Alfalfa hay also makes a delicious treat for those lucky bunnies. Its rich, decadent flavor makes it nearly irresistible and it’ll be gobbled up in no time. Even the pickiest buns will be interested in eating if a little alfalfa is sprinkled in from time to time.
Timothy is a good all-around hay for the general dietary needs of bunnies. It has balanced levels of protein, fat, and fiber and will help keep your bunny happy and healthy. If, for some reason, your little fuzzy refuses to eat Timothy, you could try orchard or oat hay. With so many selections, you’re sure to find one your rabbit loves.

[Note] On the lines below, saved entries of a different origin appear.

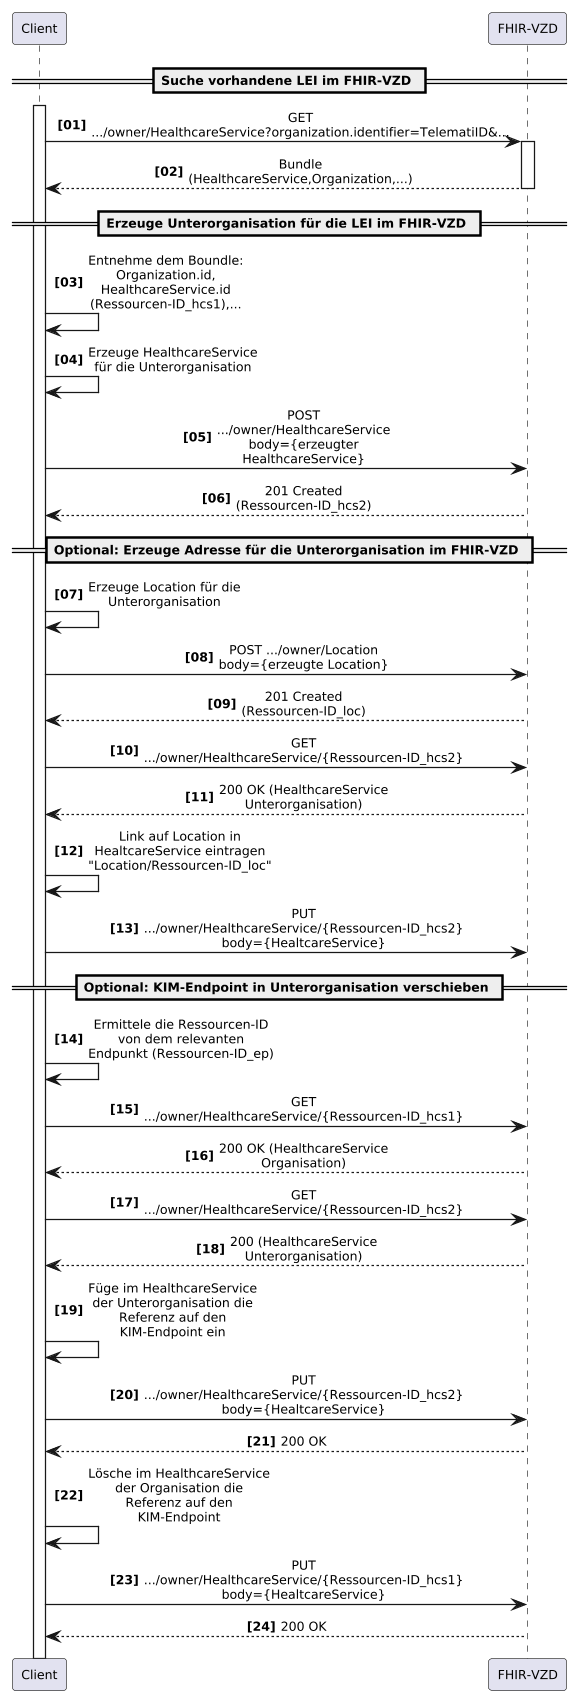

The diagram above was rendered by PlantUML. Its source (embedded in the PNG):
@startuml

skinparam dpi 120
skinparam defaultFontSize 10
skinparam ParticipantFontSize 10
skinparam ActorFontSize 10
skinparam MessageFontSize 9
skinparam NoteFontSize 8

skinparam BoxPadding 4
skinparam sequenceMessageAlign center
skinparam WrapWidth 150
skinparam maxMessageSize 42
autonumber "<b>[00]"

participant cl as "Client"
participant fhir as "FHIR-VZD"

== Suche vorhandene LEI im FHIR-VZD ==

activate cl
cl -> fhir: GET .../owner/HealthcareService?organization.identifier=TelematiID&...
activate fhir
fhir --> cl: Bundle (HealthcareService,Organization,...)
deactivate fhir

== Erzeuge Unterorganisation für die LEI im FHIR-VZD ==
cl -> cl: Entnehme dem Boundle: Organization.id, HealthcareService.id (Ressourcen-ID_hcs1),...
cl -> cl: Erzeuge HealthcareService für die Unterorganisation 
cl -> fhir: POST .../owner/HealthcareService body={erzeugter HealthcareService}
fhir --> cl: 201 Created (Ressourcen-ID_hcs2)

== Optional: Erzeuge Adresse für die Unterorganisation im FHIR-VZD ==
cl -> cl: Erzeuge Location für die Unterorganisation
cl -> fhir: POST .../owner/Location body={erzeugte Location}
fhir --> cl: 201 Created (Ressourcen-ID_loc) 

cl -> fhir: GET .../owner/HealthcareService/{Ressourcen-ID_hcs2}
fhir --> cl: 200 OK (HealthcareService Unterorganisation)
cl -> cl: Link auf Location in HealtcareService eintragen "Location/Ressourcen-ID_loc"
cl -> fhir: PUT .../owner/HealthcareService/{Ressourcen-ID_hcs2} body={HealtcareService}


== Optional: KIM-Endpoint in Unterorganisation verschieben ==
cl -> cl: Ermittele die Ressourcen-ID von dem relevanten Endpunkt (Ressourcen-ID_ep)

cl -> fhir: GET .../owner/HealthcareService/{Ressourcen-ID_hcs1}
fhir --> cl: 200 OK (HealthcareService Organisation)
cl -> fhir: GET .../owner/HealthcareService/{Ressourcen-ID_hcs2}
fhir --> cl: 200 (HealthcareService Unterorganisation)

cl -> cl: Füge im HealthcareService der Unterorganisation die Referenz auf den KIM-Endpoint ein
cl -> fhir: PUT .../owner/HealthcareService/{Ressourcen-ID_hcs2} body={HealtcareService}
fhir --> cl: 200 OK

cl -> cl: Lösche im HealthcareService der Organisation die Referenz auf den KIM-Endpoint
cl -> fhir: PUT .../owner/HealthcareService/{Ressourcen-ID_hcs1} body={HealtcareService}
fhir --> cl: 200 OK

@enduml

Many bunny parents ask themselves: “Which is better, Timothy hay or alfalfa hay for rabbits?” Now, you can see the difference between these two common types. Timothy is a great everyday hay for adult buns, while alfalfa hay should only be fed as a treat hay because of its high levels of calcium and fat. It can also be fed to baby buns less than a year old and used to entice even the pickiest little bunny to eat their greens.